High Quality-factor of Propagating Submicron-Wavelength Magnons

Yttrium iron garnet (YIG) is a well-known material for its exceptionally low magnetic damping, resulting in a very narrow linewidth (< 10 MHz full-width at half maximum, FWHM) of the spatially-uniform ferromagnetic resonance mode (FMR) at GHz frequencies [1]. While the linewidth and magnetic damping associated with FMR have been extensively studied [2], studies of these properties for propagating spin waves have been more scarce [3]. In this study, we observed a very narrow linewidth (several MHz of FWHM), corresponding to a quality factor of an order of 10³, for a spin wave resonance with a 1-μm wavelength in the Damon-Eshbach geometry in a 100 nm-thick YIG film.
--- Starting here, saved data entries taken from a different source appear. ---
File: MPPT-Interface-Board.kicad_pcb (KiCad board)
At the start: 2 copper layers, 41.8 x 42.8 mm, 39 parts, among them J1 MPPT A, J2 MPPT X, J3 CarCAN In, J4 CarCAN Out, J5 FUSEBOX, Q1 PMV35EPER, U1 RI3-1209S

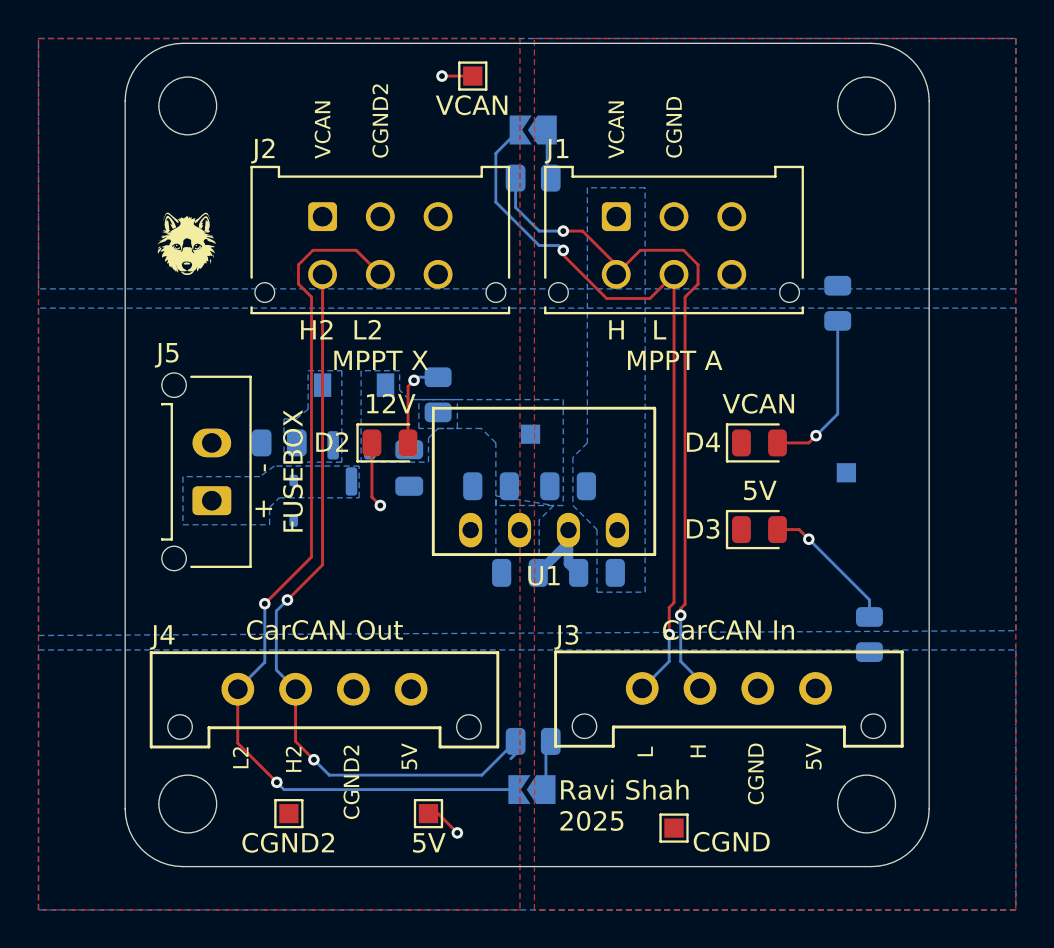
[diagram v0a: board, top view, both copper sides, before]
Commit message: make gndpwr larger
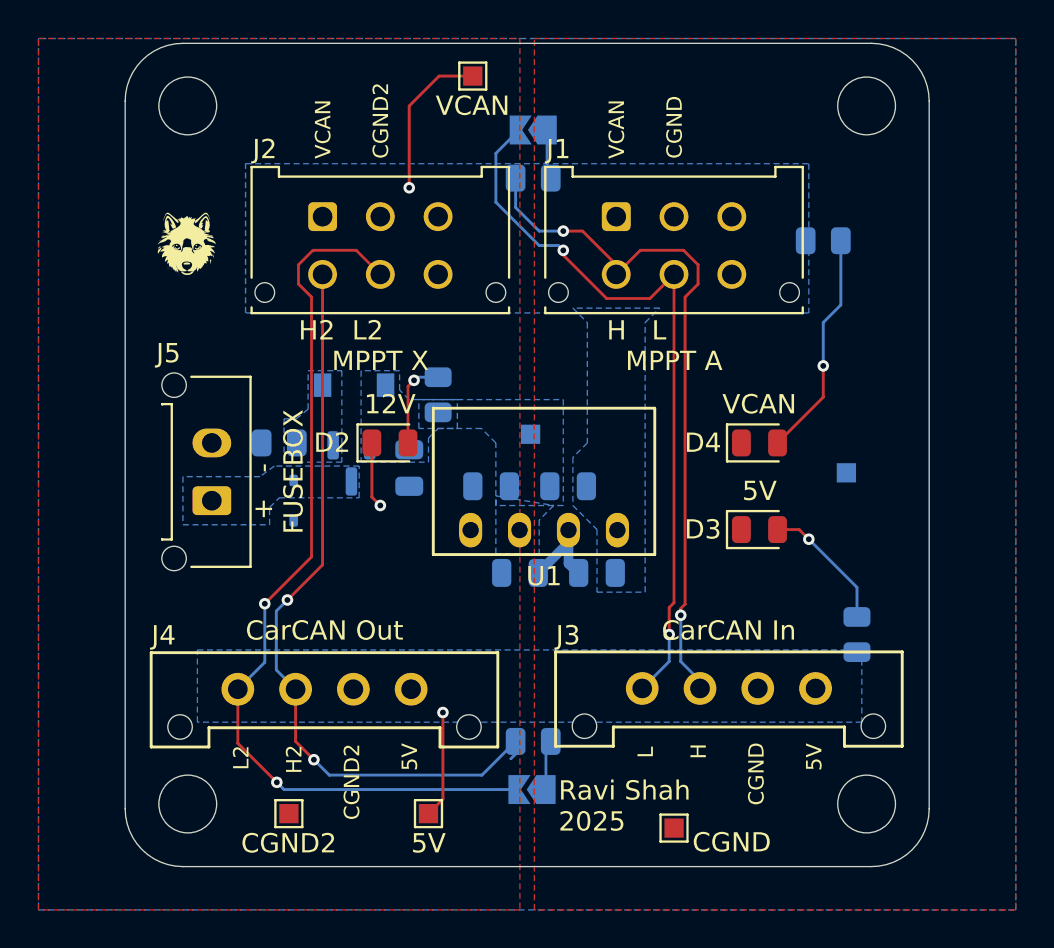
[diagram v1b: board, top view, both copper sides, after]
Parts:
- moved R5 3.34 mm to (132.0, 72.8), turned to 0 degrees
- moved R4 0.65 mm to (133.8, 93.2)
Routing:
- net V_CAN: track 1.60 -> 8.19 mm
- net +5V: track 1.91 -> 5.56 mm
- net Net-(D4-A): track 8.58 -> 11.9 mm

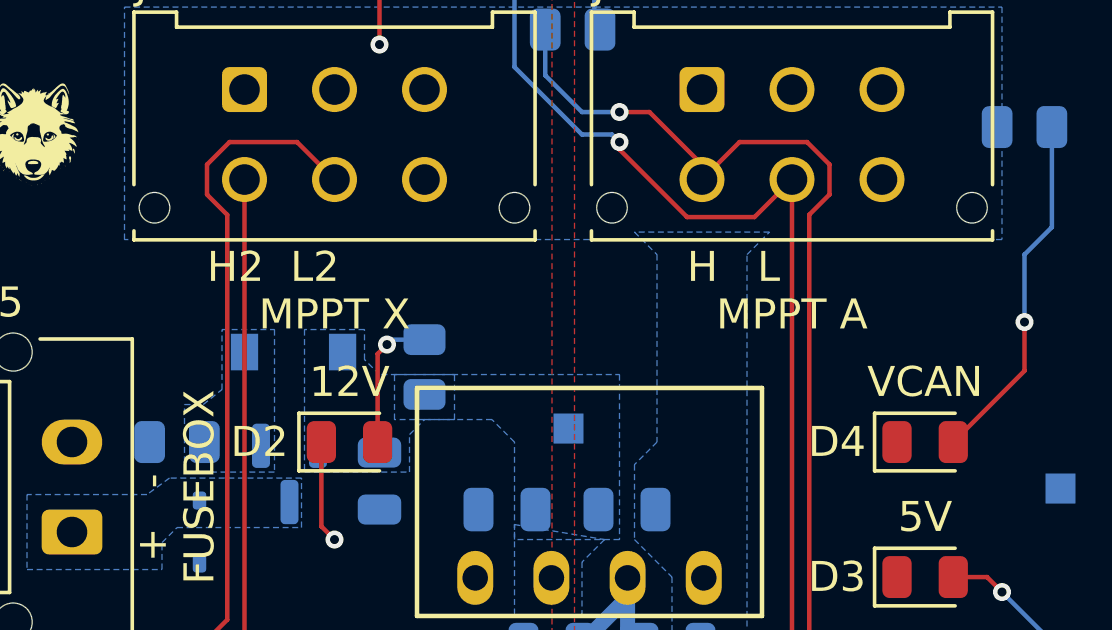
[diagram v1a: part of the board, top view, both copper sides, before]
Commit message: lakshay make board black pls
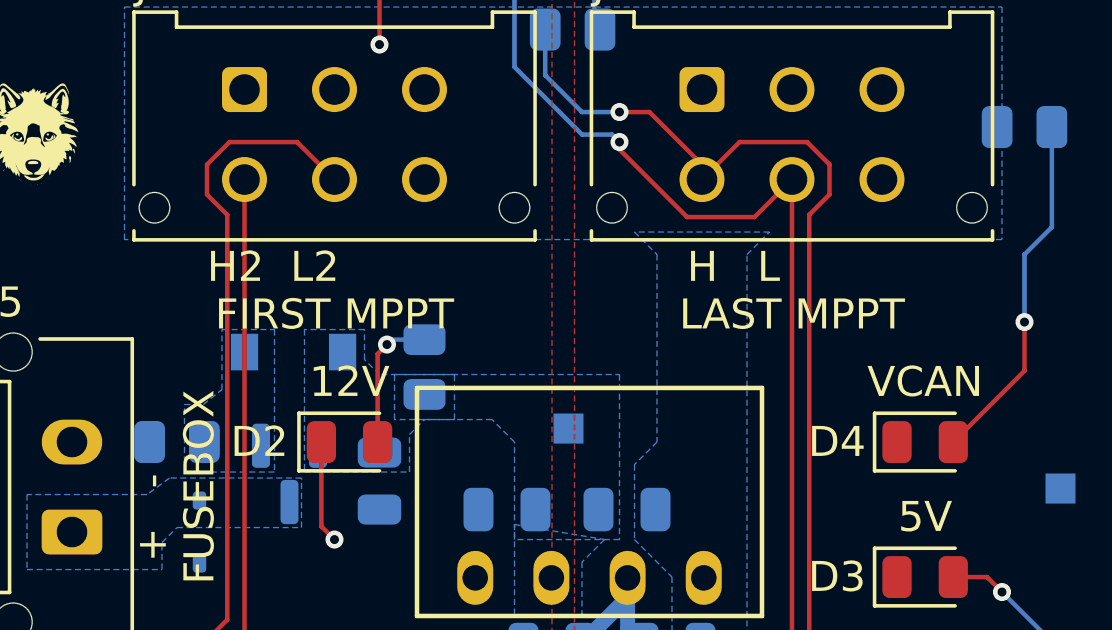
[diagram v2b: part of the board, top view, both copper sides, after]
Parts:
- J1: value MPPT A -> LAST MPPT
- J2: value MPPT X -> FIRST MPPT
- moved LOGO1 0.54 mm to (127.0, 84.8)

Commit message: wow
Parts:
- J1: value LAST MPPT -> FIRST MPPT
- J2: value FIRST MPPT -> LAST MPPT
- moved LOGO1 0.25 mm to (127.0, 85.0)
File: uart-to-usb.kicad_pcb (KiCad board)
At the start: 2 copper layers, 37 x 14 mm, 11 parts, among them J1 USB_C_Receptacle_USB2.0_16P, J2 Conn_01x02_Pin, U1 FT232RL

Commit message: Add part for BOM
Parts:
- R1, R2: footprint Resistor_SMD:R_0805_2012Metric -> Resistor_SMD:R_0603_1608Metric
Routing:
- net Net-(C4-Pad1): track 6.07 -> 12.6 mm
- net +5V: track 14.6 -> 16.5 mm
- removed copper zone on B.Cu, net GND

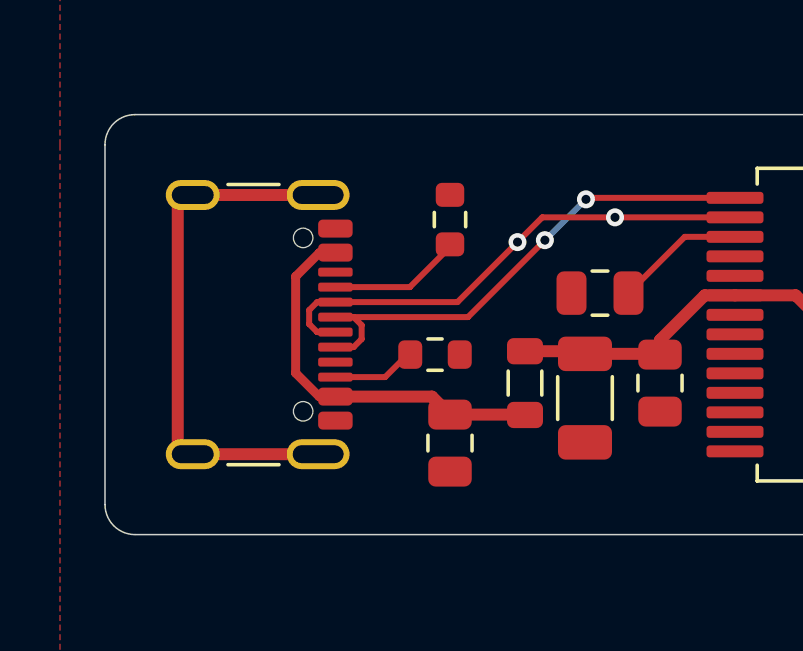
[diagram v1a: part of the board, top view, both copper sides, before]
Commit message: Fix usb-c alignment
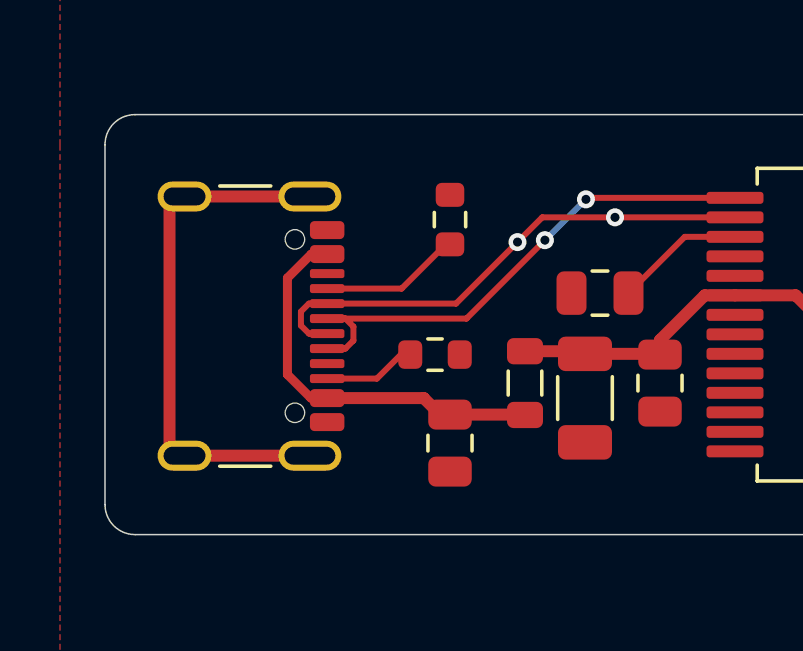
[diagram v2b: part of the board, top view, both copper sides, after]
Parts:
- moved J1 0.28 mm to (127.2, 96.5)

A ladder-shaped, multi-element antenna with a submicron-scale period was fabricated using e-beam lithography on top of a sputter-grown YIG film. The multi-element part was integrated with the central conductor of a photolithographically fabricated coplanar waveguide for microwave transmission. Due to its high-quality factor and well-defined wave vector, spin wave resonance can serve as a suitable entity for studying microwave photon–propagating magnon coupling (propagating magnon-polariton) in superconducting resonator-YIG waveguide structures and for developing a high-quality magnon resonator for quantum information applications.

References

[1] C. Hauser, et al., Sci. Rep. 6, 20827 (2016).

[2] G. Schmidt, et al., Phys. Status Solidi B 257, 1900644 (2020).

[3] Q.W. Fu, et al., Chin. Phys. Lett. 37, 087503 (2020).